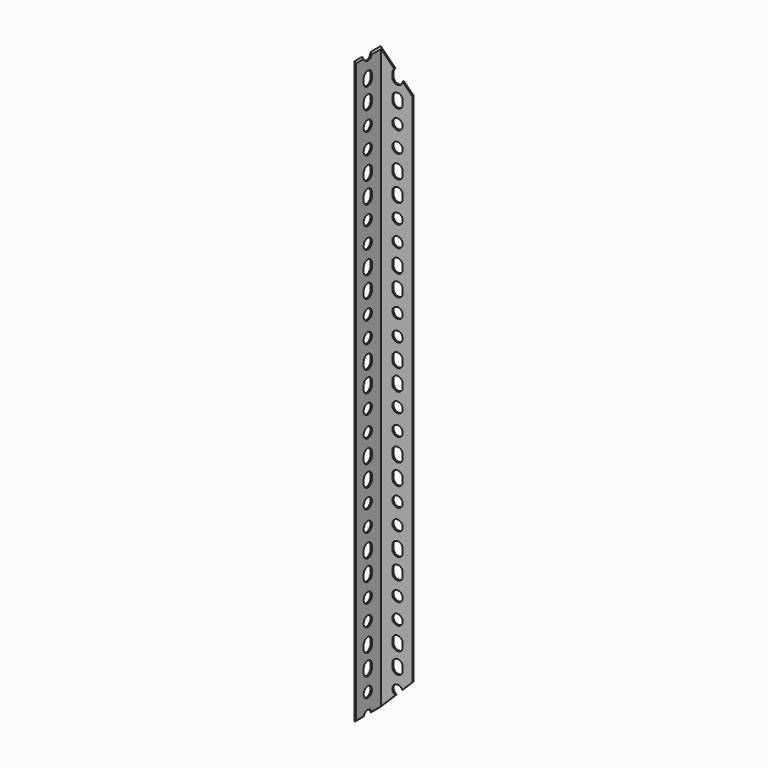
from build123d import *

# Parameters (mm, degrees)
F2_DEPTH = 533.4
F3_R     = 4.7625
F5_DEPTH = 1.3726
F4_R     = 4.7625
F6_DEPTH = 1.3726
F8_DEPTH = 30.1254


# Not quite as in the source:
# - a variable given as a bare number and used for a length is read in inches; the dataset says mm whatever the document's units were


with BuildPart() as f2:
    # F1 (on Top) → F2 (new body)
    with BuildSketch(Plane.XY):
        Polygon((-1.3716, 1.3716), (-1.3716, -28.7528), (0, -28.7528), (0, 0), (28.7528, 0), (28.7528, 1.3716), align=None)
    extrude(amount=F2_DEPTH)

    # F3 (on face) → F5 (cut, through all)
    with BuildSketch(Plane.XZ):
        with Locations((15.1384, 19.05)):
            Circle(F3_R)
        with Locations((15.1384, 0)):
            Circle(F3_R)
        with BuildLine():
            Line((19.9009, 36.5125), (19.9009, 39.6875))
            ThreePointArc((19.9009, 39.6875), (15.1384, 44.45), (10.3759, 39.6875))
            Line((10.3759, 39.6875), (10.3759, 36.5125))
            ThreePointArc((10.3759, 36.5125), (15.1384, 31.75), (19.9009, 36.5125))
        make_face()
        with BuildLine():
            Line((19.9009, 55.5625), (19.9009, 58.7375))
            ThreePointArc((19.9009, 58.7375), (15.1384, 63.5), (10.3759, 58.7375))
            Line((10.3759, 58.7375), (10.3759, 55.5625))
            ThreePointArc((10.3759, 55.5625), (15.1384, 50.8), (19.9009, 55.5625))
        make_face()
        with BuildLine():
            Line((19.9009, 131.7625), (19.9009, 134.9375))
            ThreePointArc((19.9009, 134.9375), (15.1384, 139.7), (10.3759, 134.9375))
            Line((10.3759, 134.9375), (10.3759, 131.7625))
            ThreePointArc((10.3759, 131.7625), (15.1384, 127), (19.9009, 131.7625))
        make_face()
        with Locations((15.1384, 95.25)):
            Circle(F3_R)
        with Locations((15.1384, 76.2)):
            Circle(F3_R)
        with BuildLine():
            Line((19.9009, 112.7125), (19.9009, 115.8875))
            ThreePointArc((19.9009, 115.8875), (15.1384, 120.65), (10.3759, 115.8875))
            Line((10.3759, 115.8875), (10.3759, 112.7125))
            ThreePointArc((10.3759, 112.7125), (15.1384, 107.95), (19.9009, 112.7125))
        make_face()
        with BuildLine():
            Line((19.9009, 207.9625), (19.9009, 211.1375))
            ThreePointArc((19.9009, 211.1375), (15.1384, 215.9), (10.3759, 211.1375))
            Line((10.3759, 211.1375), (10.3759, 207.9625))
            ThreePointArc((10.3759, 207.9625), (15.1384, 203.2), (19.9009, 207.9625))
        make_face()
        with Locations((15.1384, 171.45)):
            Circle(F3_R)
        with Locations((15.1384, 152.4)):
            Circle(F3_R)
        with BuildLine():
            Line((19.9009, 188.9125), (19.9009, 192.0875))
            ThreePointArc((19.9009, 192.0875), (15.1384, 196.85), (10.3759, 192.0875))
            Line((10.3759, 192.0875), (10.3759, 188.9125))
            ThreePointArc((10.3759, 188.9125), (15.1384, 184.15), (19.9009, 188.9125))
        make_face()
        with BuildLine():
            Line((19.9009, 284.1625), (19.9009, 287.3375))
            ThreePointArc((19.9009, 287.3375), (15.1384, 292.1), (10.3759, 287.3375))
            Line((10.3759, 287.3375), (10.3759, 284.1625))
            ThreePointArc((10.3759, 284.1625), (15.1384, 279.4), (19.9009, 284.1625))
        make_face()
        with Locations((15.1384, 247.65)):
            Circle(F3_R)
        with Locations((15.1384, 228.6)):
            Circle(F3_R)
        with BuildLine():
            Line((19.9009, 265.1125), (19.9009, 268.2875))
            ThreePointArc((19.9009, 268.2875), (15.1384, 273.05), (10.3759, 268.2875))
            Line((10.3759, 268.2875), (10.3759, 265.1125))
            ThreePointArc((10.3759, 265.1125), (15.1384, 260.35), (19.9009, 265.1125))
        make_face()
        with BuildLine():
            Line((19.9009, 360.3625), (19.9009, 363.5375))
            ThreePointArc((19.9009, 363.5375), (15.1384, 368.3), (10.3759, 363.5375))
            Line((10.3759, 363.5375), (10.3759, 360.3625))
            ThreePointArc((10.3759, 360.3625), (15.1384, 355.6), (19.9009, 360.3625))
        make_face()
        with Locations((15.1384, 323.85)):
            Circle(F3_R)
        with Locations((15.1384, 304.8)):
            Circle(F3_R)
        with BuildLine():
            Line((19.9009, 341.3125), (19.9009, 344.4875))
            ThreePointArc((19.9009, 344.4875), (15.1384, 349.25), (10.3759, 344.4875))
            Line((10.3759, 344.4875), (10.3759, 341.3125))
            ThreePointArc((10.3759, 341.3125), (15.1384, 336.55), (19.9009, 341.3125))
        make_face()
        with BuildLine():
            Line((19.9009, 436.5625), (19.9009, 439.7375))
            ThreePointArc((19.9009, 439.7375), (15.1384, 444.5), (10.3759, 439.7375))
            Line((10.3759, 439.7375), (10.3759, 436.5625))
            ThreePointArc((10.3759, 436.5625), (15.1384, 431.8), (19.9009, 436.5625))
        make_face()
        with Locations((15.1384, 400.05)):
            Circle(F3_R)
        with Locations((15.1384, 381)):
            Circle(F3_R)
        with BuildLine():
            Line((19.9009, 417.5125), (19.9009, 420.6875))
            ThreePointArc((19.9009, 420.6875), (15.1384, 425.45), (10.3759, 420.6875))
            Line((10.3759, 420.6875), (10.3759, 417.5125))
            ThreePointArc((10.3759, 417.5125), (15.1384, 412.75), (19.9009, 417.5125))
        make_face()
        with BuildLine():
            Line((19.9009, 512.7625), (19.9009, 515.9375))
            ThreePointArc((19.9009, 515.9375), (15.1384, 520.7), (10.3759, 515.9375))
            Line((10.3759, 515.9375), (10.3759, 512.7625))
            ThreePointArc((10.3759, 512.7625), (15.1384, 508), (19.9009, 512.7625))
        make_face()
        with Locations((15.1384, 476.25)):
            Circle(F3_R)
        with Locations((15.1384, 457.2)):
            Circle(F3_R)
        with BuildLine():
            Line((19.9009, 493.7125), (19.9009, 496.8875))
            ThreePointArc((19.9009, 496.8875), (15.1384, 501.65), (10.3759, 496.8875))
            Line((10.3759, 496.8875), (10.3759, 493.7125))
            ThreePointArc((10.3759, 493.7125), (15.1384, 488.95), (19.9009, 493.7125))
        make_face()
        with BuildLine():
            Line((19.9009, 588.9625), (19.9009, 592.1375))
            ThreePointArc((19.9009, 592.1375), (15.1384, 596.9), (10.3759, 592.1375))
            Line((10.3759, 592.1375), (10.3759, 588.9625))
            ThreePointArc((10.3759, 588.9625), (15.1384, 584.2), (19.9009, 588.9625))
        make_face()
        with Locations((15.1384, 552.45)):
            Circle(F3_R)
        with Locations((15.1384, 533.4)):
            Circle(F3_R)
        with BuildLine():
            Line((19.9009, 569.9125), (19.9009, 573.0875))
            ThreePointArc((19.9009, 573.0875), (15.1384, 577.85), (10.3759, 573.0875))
            Line((10.3759, 573.0875), (10.3759, 569.9125))
            ThreePointArc((10.3759, 569.9125), (15.1384, 565.15), (19.9009, 569.9125))
        make_face()
        with BuildLine():
            Line((19.9009, 665.1625), (19.9009, 668.3375))
            ThreePointArc((19.9009, 668.3375), (15.1384, 673.1), (10.3759, 668.3375))
            Line((10.3759, 668.3375), (10.3759, 665.1625))
            ThreePointArc((10.3759, 665.1625), (15.1384, 660.4), (19.9009, 665.1625))
        make_face()
        with Locations((15.1384, 628.65)):
            Circle(F3_R)
        with Locations((15.1384, 609.6)):
            Circle(F3_R)
        with BuildLine():
            Line((19.9009, 646.1125), (19.9009, 649.2875))
            ThreePointArc((19.9009, 649.2875), (15.1384, 654.05), (10.3759, 649.2875))
            Line((10.3759, 649.2875), (10.3759, 646.1125))
            ThreePointArc((10.3759, 646.1125), (15.1384, 641.35), (19.9009, 646.1125))
        make_face()
        with BuildLine():
            Line((19.9009, 741.3625), (19.9009, 744.5375))
            ThreePointArc((19.9009, 744.5375), (15.1384, 749.3), (10.3759, 744.5375))
            Line((10.3759, 744.5375), (10.3759, 741.3625))
            ThreePointArc((10.3759, 741.3625), (15.1384, 736.6), (19.9009, 741.3625))
        make_face()
        with Locations((15.1384, 704.85)):
            Circle(F3_R)
        with Locations((15.1384, 685.8)):
            Circle(F3_R)
        with BuildLine():
            Line((19.9009, 722.3125), (19.9009, 725.4875))
            ThreePointArc((19.9009, 725.4875), (15.1384, 730.25), (10.3759, 725.4875))
            Line((10.3759, 725.4875), (10.3759, 722.3125))
            ThreePointArc((10.3759, 722.3125), (15.1384, 717.55), (19.9009, 722.3125))
        make_face()
        with BuildLine():
            Line((19.9009, 817.5625), (19.9009, 820.7375))
            ThreePointArc((19.9009, 820.7375), (15.1384, 825.5), (10.3759, 820.7375))
            Line((10.3759, 820.7375), (10.3759, 817.5625))
            ThreePointArc((10.3759, 817.5625), (15.1384, 812.8), (19.9009, 817.5625))
        make_face()
        with Locations((15.1384, 781.05)):
            Circle(F3_R)
        with Locations((15.1384, 762)):
            Circle(F3_R)
        with BuildLine():
            Line((19.9009, 798.5125), (19.9009, 801.6875))
            ThreePointArc((19.9009, 801.6875), (15.1384, 806.45), (10.3759, 801.6875))
            Line((10.3759, 801.6875), (10.3759, 798.5125))
            ThreePointArc((10.3759, 798.5125), (15.1384, 793.75), (19.9009, 798.5125))
        make_face()
        with BuildLine():
            Line((19.9009, 893.7625), (19.9009, 896.9375))
            ThreePointArc((19.9009, 896.9375), (15.1384, 901.7), (10.3759, 896.9375))
            Line((10.3759, 896.9375), (10.3759, 893.7625))
            ThreePointArc((10.3759, 893.7625), (15.1384, 889), (19.9009, 893.7625))
        make_face()
        with Locations((15.1384, 857.25)):
            Circle(F3_R)
        with Locations((15.1384, 838.2)):
            Circle(F3_R)
        with BuildLine():
            Line((19.9009, 874.7125), (19.9009, 877.8875))
            ThreePointArc((19.9009, 877.8875), (15.1384, 882.65), (10.3759, 877.8875))
            Line((10.3759, 877.8875), (10.3759, 874.7125))
            ThreePointArc((10.3759, 874.7125), (15.1384, 869.95), (19.9009, 874.7125))
        make_face()
        with BuildLine():
            Line((19.9009, 969.9625), (19.9009, 973.1375))
            ThreePointArc((19.9009, 973.1375), (15.1384, 977.9), (10.3759, 973.1375))
            Line((10.3759, 973.1375), (10.3759, 969.9625))
            ThreePointArc((10.3759, 969.9625), (15.1384, 965.2), (19.9009, 969.9625))
        make_face()
        with Locations((15.1384, 933.45)):
            Circle(F3_R)
        with Locations((15.1384, 914.4)):
            Circle(F3_R)
        with BuildLine():
            Line((19.9009, 950.9125), (19.9009, 954.0875))
            ThreePointArc((19.9009, 954.0875), (15.1384, 958.85), (10.3759, 954.0875))
            Line((10.3759, 954.0875), (10.3759, 950.9125))
            ThreePointArc((10.3759, 950.9125), (15.1384, 946.15), (19.9009, 950.9125))
        make_face()
        with BuildLine():
            Line((19.9009, 1046.1625), (19.9009, 1049.3375))
            ThreePointArc((19.9009, 1049.3375), (15.1384, 1054.1), (10.3759, 1049.3375))
            Line((10.3759, 1049.3375), (10.3759, 1046.1625))
            ThreePointArc((10.3759, 1046.1625), (15.1384, 1041.4), (19.9009, 1046.1625))
        make_face()
        with Locations((15.1384, 1009.65)):
            Circle(F3_R)
        with Locations((15.1384, 990.6)):
            Circle(F3_R)
        with BuildLine():
            Line((19.9009, 1027.1125), (19.9009, 1030.2875))
            ThreePointArc((19.9009, 1030.2875), (15.1384, 1035.05), (10.3759, 1030.2875))
            Line((10.3759, 1030.2875), (10.3759, 1027.1125))
            ThreePointArc((10.3759, 1027.1125), (15.1384, 1022.35), (19.9009, 1027.1125))
        make_face()
        with BuildLine():
            Line((19.9009, 1122.3625), (19.9009, 1125.5375))
            ThreePointArc((19.9009, 1125.5375), (15.1384, 1130.3), (10.3759, 1125.5375))
            Line((10.3759, 1125.5375), (10.3759, 1122.3625))
            ThreePointArc((10.3759, 1122.3625), (15.1384, 1117.6), (19.9009, 1122.3625))
        make_face()
        with Locations((15.1384, 1085.85)):
            Circle(F3_R)
        with Locations((15.1384, 1066.8)):
            Circle(F3_R)
        with BuildLine():
            Line((19.9009, 1103.3125), (19.9009, 1106.4875))
            ThreePointArc((19.9009, 1106.4875), (15.1384, 1111.25), (10.3759, 1106.4875))
            Line((10.3759, 1106.4875), (10.3759, 1103.3125))
            ThreePointArc((10.3759, 1103.3125), (15.1384, 1098.55), (19.9009, 1103.3125))
        make_face()
        with BuildLine():
            Line((19.9009, 1198.5625), (19.9009, 1201.7375))
            ThreePointArc((19.9009, 1201.7375), (15.1384, 1206.5), (10.3759, 1201.7375))
            Line((10.3759, 1201.7375), (10.3759, 1198.5625))
            ThreePointArc((10.3759, 1198.5625), (15.1384, 1193.8), (19.9009, 1198.5625))
        make_face()
        with Locations((15.1384, 1162.05)):
            Circle(F3_R)
        with Locations((15.1384, 1143)):
            Circle(F3_R)
        with BuildLine():
            Line((19.9009, 1179.5125), (19.9009, 1182.6875))
            ThreePointArc((19.9009, 1182.6875), (15.1384, 1187.45), (10.3759, 1182.6875))
            Line((10.3759, 1182.6875), (10.3759, 1179.5125))
            ThreePointArc((10.3759, 1179.5125), (15.1384, 1174.75), (19.9009, 1179.5125))
        make_face()
        with BuildLine():
            Line((19.9009, 1274.7625), (19.9009, 1277.9375))
            ThreePointArc((19.9009, 1277.9375), (15.1384, 1282.7), (10.3759, 1277.9375))
            Line((10.3759, 1277.9375), (10.3759, 1274.7625))
            ThreePointArc((10.3759, 1274.7625), (15.1384, 1270), (19.9009, 1274.7625))
        make_face()
        with Locations((15.1384, 1238.25)):
            Circle(F3_R)
        with Locations((15.1384, 1219.2)):
            Circle(F3_R)
        with BuildLine():
            Line((19.9009, 1255.7125), (19.9009, 1258.8875))
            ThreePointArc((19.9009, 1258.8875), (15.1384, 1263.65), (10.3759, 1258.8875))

**What you will do:**
Find the word "BuildSketch" in the entries, and copy every line it shows up in.

**Written answer:**
    with BuildSketch(Plane.XY):
    with BuildSketch(Plane.XZ):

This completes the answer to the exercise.